39 PATERNOSTER ROW, LONDON
NEW YORK
AND
BOMBAY
1901
CONTENTS.
CHAPTER I.豆腐和鸡蛋
GENERAL REMARKS . . . . . . . . 1
CHAPTER II
WHAT UTILITARIANISM IS . . . . . . . 8
CHAPTER III.
OF THE ULTIMATE SANCTION OF THE PRINCIPLE OF UTILITY 39 CHAPTER IV.
OF WHAT SORT OF PROOF THE PRINCIPLE OF UTILITY IS SUSCEPTIBLE . . . . . . . . 52
CHAPTER V.
OF THE CONNEXION BETWEEN JUSTICE AND UTILITY . . . 62
河北教育教师网官网Chapter 1
UTILITARIANISM.
CHAPTER I.
脾虚湿盛如何调理
GENERAL REMARKS.
THERE are few circumstances among tho which make up the prent condition of human knowledge, more unlike what might have been expected, or more significant of the backward state in which speculation on the most important subjects still lingers, than the little progress which has been
made in the decision of the controversy respecting the criterion of right and wrong.

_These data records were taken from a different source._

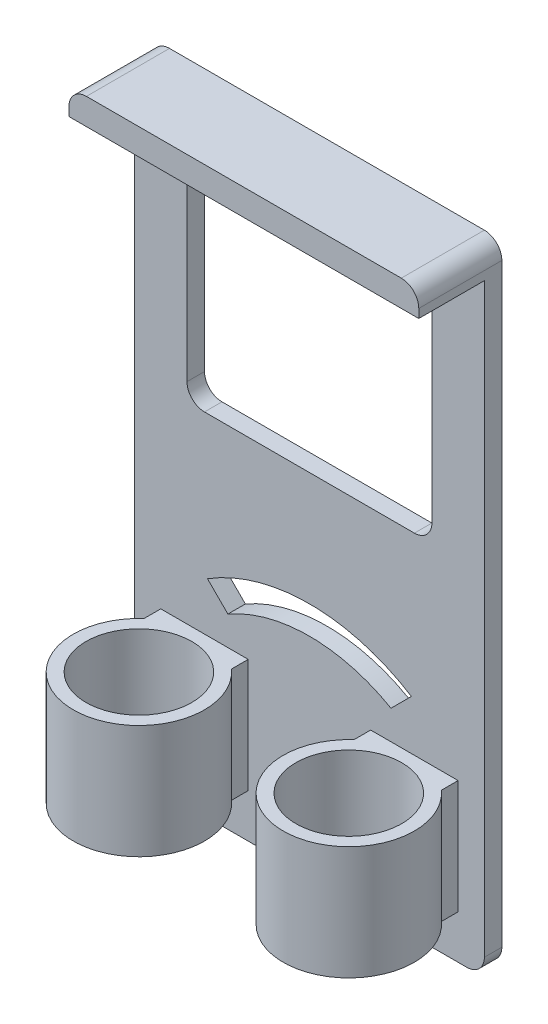
from build123d import *
from build123d.topology import SkipClean

# Parameters (mm, degrees)
SKETCH1_W                                    = 40
SKETCH1_H                                    = 40
BOSS_EXTRUDE2_DEPTH                          = 2
SKETCH2_W                                    = 6
SKETCH2_H                                    = 4
BOSS_EXTRUDE5_DEPTH                          = 3
SKETCH4_R                                    = 3.5
SKETCH4_R_2                                  = 1.6
BOSS_EXTRUDE6_DEPTH                          = 4
MIRROR2_AT_THE_SECOND_PLANE_COPY_1_SKETC_W   = 6
MIRROR2_AT_THE_SECOND_PLANE_COPY_1_SKETC_H   = 4
MIRROR2_AT_THE_SECOND_PLANE_COPY_1_DEPTH     = 3
MIRROR2_AT_THE_SECOND_PLANE_COPY_2_SKETC_R   = 3.5
MIRROR2_AT_THE_SECOND_PLANE_COPY_2_SKETC_R_2 = 1.6
MIRROR2_AT_THE_SECOND_PLANE_COPY_2_DEPTH     = 4
CUT_EXTRUDE2_DEPTH                           = 2
SKETCH8_R                                    = 1.6
CUT_EXTRUDE3_DEPTH                           = 2
SKETCH18_W                                   = 6
SKETCH18_H                                   = 2
BOSS_EXTRUDE10_DEPTH                         = 32
SKETCH19_W                                   = 40
SKETCH19_H                                   = 3.5
BOSS_EXTRUDE11_DEPTH                         = 3
FILLET1_R                                    = 2
SKETCH20_R                                   = 1.6
BOSS_EXTRUDE12_DEPTH                         = 10
SKETCH22_R                                   = 1.6
CUT_EXTRUDE4_DEPTH                           = 7
SKETCH23_R                                   = 6.05
BOSS_EXTRUDE14_DEPTH                         = 14
SKETCH21_R                                   = 1.6
CUT_EXTRUDE5_DEPTH                           = 10
CUT_EXTRUDE7_DEPTH                           = 22
BOSS_EXTRUDE18_DEPTH                         = 6
CUT_EXTRUDE9_DEPTH                           = 3
BOSS_EXTRUDE20_START                         = 2
SKETCH32_R                                   = 3.5
BOSS_EXTRUDE20_DEPTH                         = 2


with BuildPart() as part:
    # Sketch1 → Boss-Extrude2 (new body)
    with BuildSketch(Plane.XY):
        Rectangle(SKETCH1_W, SKETCH1_H)
    extrude(amount=BOSS_EXTRUDE2_DEPTH)

    # Sketch2 → Boss-Extrude5 (add)
    with BuildSketch(Plane.XY.offset(2)):
        with Locations((-12, 10)):
            Rectangle(SKETCH2_W, SKETCH2_H)
    boss_extrude5 = extrude(amount=BOSS_EXTRUDE5_DEPTH)

    # Sketch4 → Boss-Extrude6 (add)
    with BuildSketch(Plane(origin=(0, 12, 0), x_dir=(1, 0, 0), z_dir=(0, 1, 0))):
        with Locations((-12, -6.6)):
            Circle(SKETCH4_R)
        with Locations((-12, -6.6)):
            Circle(SKETCH4_R_2, mode=Mode.SUBTRACT)
    boss_extrude6 = extrude(amount=-BOSS_EXTRUDE6_DEPTH)

    # Mirror2: Boss-Extrude5, Boss-Extrude6 across plane
    add(boss_extrude5.mirror(Plane(origin=(0, 0, 0), x_dir=(0, 0, 1), z_dir=(1, 0, 0))))
    add(boss_extrude6.mirror(Plane(origin=(0, 0, 0), x_dir=(0, 0, 1), z_dir=(1, 0, 0))))

    # Mirror2 at the second plane: Boss-Extrude5, Boss-Extrude6 across plane
    add(boss_extrude5.mirror(Plane(origin=(0, 3, 0), x_dir=(0, 0, 1), z_dir=(0, -1, 0))))
    add(boss_extrude6.mirror(Plane(origin=(0, 3, 0), x_dir=(0, 0, 1), z_dir=(0, -1, 0))))

    # Mirror2 at the second plane copy 1 sketc → Mirror2 at the second plane copy 1 (add)
    with BuildSketch(Plane(origin=(0, 6, 2), x_dir=(-1, 0, 0), z_dir=(0, 0, 1))):
        with Locations((-12, 10)):
            Rectangle(MIRROR2_AT_THE_SECOND_PLANE_COPY_1_SKETC_W, MIRROR2_AT_THE_SECOND_PLANE_COPY_1_SKETC_H)
    extrude(amount=MIRROR2_AT_THE_SECOND_PLANE_COPY_1_DEPTH)

    # Mirror2 at the second plane copy 2 sketc → Mirror2 at the second plane copy 2 (add)
    with BuildSketch(Plane(origin=(0, -6, 0), x_dir=(-1, 0, 0), z_dir=(0, -1, 0))):
        with Locations((-12, -6.6)):
            Circle(MIRROR2_AT_THE_SECOND_PLANE_COPY_2_SKETC_R)
        with Locations((-12, -6.6)):
            Circle(MIRROR2_AT_THE_SECOND_PLANE_COPY_2_SKETC_R_2, mode=Mode.SUBTRACT)
    extrude(amount=-MIRROR2_AT_THE_SECOND_PLANE_COPY_2_DEPTH)

    # Sketch7 → Cut-Extrude2 (cut)
    with BuildSketch(Plane.XY.offset(2)):
        with BuildLine():
            ThreePointArc((-9.324585763, 1.324585763), (0, 3.8), (9.324585763, 1.324585763))
            Line((9.324585763, 1.324585763), (11.657506391, 3.657506391))
            ThreePointArc((11.657506391, 3.657506391), (0, 7), (-11.657506391, 3.657506391))
            Line((-11.657506391, 3.657506391), (-9.324585763, 1.324585763))
        make_face()
    extrude(amount=-CUT_EXTRUDE2_DEPTH, mode=Mode.SUBTRACT)

    # Sketch8 → Cut-Extrude3 (cut)
    with BuildSketch(Plane(origin=(0, 0, 0), x_dir=(-1, 0, 0), z_dir=(0, 0, -1))):
        with Locations((0, -10)):
            Circle(SKETCH8_R)
    extrude(amount=-CUT_EXTRUDE3_DEPTH, mode=Mode.SUBTRACT)

    # Sketch18 → Boss-Extrude10 (add)
    with BuildSketch(Plane(origin=(0, 20, 0), x_dir=(1, 0, 0), z_dir=(0, 1, 0))):
        with Locations((17, -1)):
            Rectangle(SKETCH18_W, SKETCH18_H)
        with Locations((-17, -1)):
            Rectangle(SKETCH18_W, SKETCH18_H)
    extrude(amount=BOSS_EXTRUDE10_DEPTH)

    # Sketch19 → Boss-Extrude11 (add)
    with BuildSketch(Plane(origin=(0, 52, 0), x_dir=(1, 0, 0), z_dir=(0, 1, 0))):
        with Locations((0, -1.75)):
            Rectangle(SKETCH19_W, SKETCH19_H)
    extrude(amount=-BOSS_EXTRUDE11_DEPTH)

    # Fillet1
    fillet1_edges = [part.edges().sort_by_distance(p)[0] for p in [
        (20, -20, 1),
        (-20, -20, 1),
        (-20, 52, 1.75),
        (20, 52, 1.75),
        (14, 20, 1),
        (-14, 20, 1),
        (-14, 49, 1),
        (14, 49, 1),
    ]]
    fillet(fillet1_edges, radius=FILLET1_R)

    # Sketch20 → Boss-Extrude12 (add)
    # profile 1 of 2: a face of its own
    with SkipClean():  # the faces are left unmerged after this step: merging them gives an invalid solid
        with BuildSketch(Plane.XZ.offset(6)):
            with BuildLine():
                Line((-9, 2), (-9, 4.797224362))
                ThreePointArc((-9, 4.797224362), (-12, 10.1), (-15, 4.797224362))
                Line((-15, 4.797224362), (-15, 2))
                Line((-15, 2), (-9, 2))
            make_face()
            with Locations((-12, 6.6)):
                Circle(SKETCH20_R, mode=Mode.SUBTRACT)
        # profile 2 of 2: a face of its own
        with BuildSketch(Plane.XZ.offset(6)):
            with BuildLine():
                Line((9, 4.797224362), (9, 2))
                Line((9, 2), (15, 2))
                Line((15, 2), (15, 4.797224362))
                ThreePointArc((15, 4.797224362), (12, 10.1), (9, 4.797224362))
            make_face()
            with Locations((12, 6.6)):
                Circle(SKETCH20_R, mode=Mode.SUBTRACT)
        extrude(amount=BOSS_EXTRUDE12_DEPTH)

    # Sketch22 → Cut-Extrude4 (cut)
    # profile 1 of 2: a face of its own
    with BuildSketch(Plane(origin=(0, -2, 0), x_dir=(1, 0, 0), z_dir=(0, 1, 0))):
        with BuildLine():
            Line((9, -2), (9, -4.797224362))
            ThreePointArc((9, -4.797224362), (12, -10.1), (15, -4.797224362))
            Line((15, -4.797224362), (15, -2))
            Line((15, -2), (9, -2))
        make_face()
        with Locations((12, -6.6)):
            Circle(SKETCH22_R, mode=Mode.SUBTRACT)
    # profile 2 of 2: a face of its own
    with BuildSketch(Plane(origin=(0, -2, 0), x_dir=(1, 0, 0), z_dir=(0, 1, 0))):
        with BuildLine():
            Line((-9, -4.797224362), (-9, -2))
            Line((-9, -2), (-15, -2))
            Line((-15, -2), (-15, -4.797224362))
            ThreePointArc((-15, -4.797224362), (-12, -10.1), (-9, -4.797224362))
        make_face()
        with Locations((-12, -6.6)):
            Circle(SKETCH22_R, mode=Mode.SUBTRACT)
    extrude(amount=-CUT_EXTRUDE4_DEPTH, mode=Mode.SUBTRACT)

    # Sketch23 → Boss-Extrude14 (add)
    # profile 1 of 2: a face of its own
    with BuildSketch(Plane.XZ.offset(16)):
        with BuildLine():
            Line((-7, 2), (-7, 3.909830056))
            ThreePointArc((-7, 3.909830056), (-12, 17), (-17, 3.909830056))
            Line((-17, 3.909830056), (-17, 2))
            Line((-17, 2), (-7, 2))
        make_face()
        with Locations((-12, 9.5)):
            Circle(SKETCH23_R, mode=Mode.SUBTRACT)
    # profile 2 of 2: a face of its own
    with BuildSketch(Plane.XZ.offset(16)):
        with BuildLine():
            Line((7, 2), (17, 2))
            Line((17, 2), (17, 3.909830056))
            ThreePointArc((17, 3.909830056), (12, 17), (7, 3.909830056))
            Line((7, 3.909830056), (7, 2))
        make_face()
        with Locations((12, 9.5)):
            Circle(SKETCH23_R, mode=Mode.SUBTRACT)
    extrude(amount=-BOSS_EXTRUDE14_DEPTH)

    # Sketch21 → Cut-Extrude5 (cut)
    # profile 1 of 2: a face of its own
    with BuildSketch(Plane(origin=(0, 12, 0), x_dir=(1, 0, 0), z_dir=(0, 1, 0))):
        with BuildLine():
            Line((9, -2), (9, -4.797224362))
            ThreePointArc((9, -4.797224362), (12, -10.1), (15, -4.797224362))
            Line((15, -4.797224362), (15, -2))
            Line((15, -2), (9, -2))
        make_face()
        with Locations((12, -6.6)):
            Circle(SKETCH21_R, mode=Mode.SUBTRACT)
    # profile 2 of 2: a face of its own
    with BuildSketch(Plane(origin=(0, 12, 0), x_dir=(1, 0, 0), z_dir=(0, 1, 0))):
        with BuildLine():
            Line((-9, -4.797224362), (-9, -2))
            Line((-9, -2), (-15, -2))
            Line((-15, -2), (-15, -4.797224362))
            ThreePointArc((-15, -4.797224362), (-12, -10.1), (-9, -4.797224362))
        make_face()
        with Locations((-12, -6.6)):
            Circle(SKETCH21_R, mode=Mode.SUBTRACT)
    extrude(amount=-CUT_EXTRUDE5_DEPTH, mode=Mode.SUBTRACT)

    # Sketch24 → Cut-Extrude7 (cut)
    with BuildSketch(Plane(origin=(0, -9, 0), x_dir=(1, 0, 0), z_dir=(0, 1, 0))):
        with BuildLine():
            Line((9, -4.246191857), (9, -4.797224362))
            ThreePointArc((9, -4.797224362), (12, -10.1), (15, -4.797224362))
            Line((15, -4.797224362), (15, -4.246191857))
            ThreePointArc((15, -4.246191857), (12, -3.45), (9, -4.246191857))
        make_face()
        with BuildLine():
            Line((-9, -4.797224362), (-9, -4.246191857))
            ThreePointArc((-9, -4.246191857), (-12, -3.45), (-15, -4.246191857))
            Line((-15, -4.246191857), (-15, -4.797224362))
            ThreePointArc((-15, -4.797224362), (-12, -10.1), (-9, -4.797224362))
        make_face()
    extrude(amount=-CUT_EXTRUDE7_DEPTH, mode=Mode.SUBTRACT)

    # Sketch31 → Boss-Extrude18 (add)
    with BuildSketch(Plane.XY.offset(3.5)):
        with BuildLine():
            Line((18, 52), (-18, 52))
            ThreePointArc((-18, 52), (-19.414213562, 51.414213562), (-20, 50))
            Line((-20, 50), (-20, 49))
            Line((-20, 49), (20, 49))
            Line((20, 49), (20, 50))
            ThreePointArc((20, 50), (19.414213562, 51.414213562), (18, 52))
        make_face()
    extrude(amount=BOSS_EXTRUDE18_DEPTH)

    # Sketch25 → Cut-Extrude9 (cut)
    with BuildSketch(Plane.XZ.offset(16)):
        with BuildLine():
            Line((-17, 2), (-7, 2))
            Line((-7, 2), (-7, 3.909830056))
            ThreePointArc((-7, 3.909830056), (-12, 17), (-17, 3.909830056))
            Line((-17, 3.909830056), (-17, 2))
        make_face()
        with BuildLine():
            Line((7, 3.909830056), (7, 2))
            Line((7, 2), (17, 2))
            Line((17, 2), (17, 3.909830056))
            ThreePointArc((17, 3.909830056), (12, 17), (7, 3.909830056))
        make_face()
    extrude(amount=-CUT_EXTRUDE9_DEPTH, mode=Mode.SUBTRACT)

    # Sketch32 → Boss-Extrude20 (add)
    # profile 1 of 2: a face of its own
    with BuildSketch(Plane.XZ.offset(13).offset(BOSS_EXTRUDE20_START)):
        with BuildLine():
            Line((-17, 3.909830056), (-17, 2))
            Line((-17, 2), (-7, 2))
            Line((-7, 2), (-7, 3.909830056))
            ThreePointArc((-7, 3.909830056), (-12, 17), (-17, 3.909830056))
        make_face()
        with Locations((-12, 9.5)):
            Circle(SKETCH32_R, mode=Mode.SUBTRACT)
    # profile 2 of 2: a face of its own
    with BuildSketch(Plane.XZ.offset(13).offset(BOSS_EXTRUDE20_START)):
        with BuildLine():
            Line((7, 3.909830056), (7, 2))
            Line((7, 2), (17, 2))
            Line((17, 2), (17, 3.909830056))
            ThreePointArc((17, 3.909830056), (12, 17), (7, 3.909830056))
        make_face()
        with Locations((12, 9.5)):
            Circle(SKETCH32_R, mode=Mode.SUBTRACT)
    extrude(amount=-BOSS_EXTRUDE20_DEPTH)


solid = part.part

From the dawn of philosophy, the question concerning the summum bonum, or, what is the same thing, concerning the foundation of morality, has been accounted the main problem in speculative thought, has occupied the most gifted intellects, and divided them into cts and schools, carrying on a vigorous warfare against one another. And after more than two thousand years the same discussions continue, philosophers are still ranged under the same contending banners, and neither thinkers nor mankind at large em nearer to being unanimous on the subject, than when the youth Socrates listened to the old Protagoras, and asrted (if Plato's dialogue be grounded on a real conversation) the theory of utilitarianism against the popular morality of the so-called sophist.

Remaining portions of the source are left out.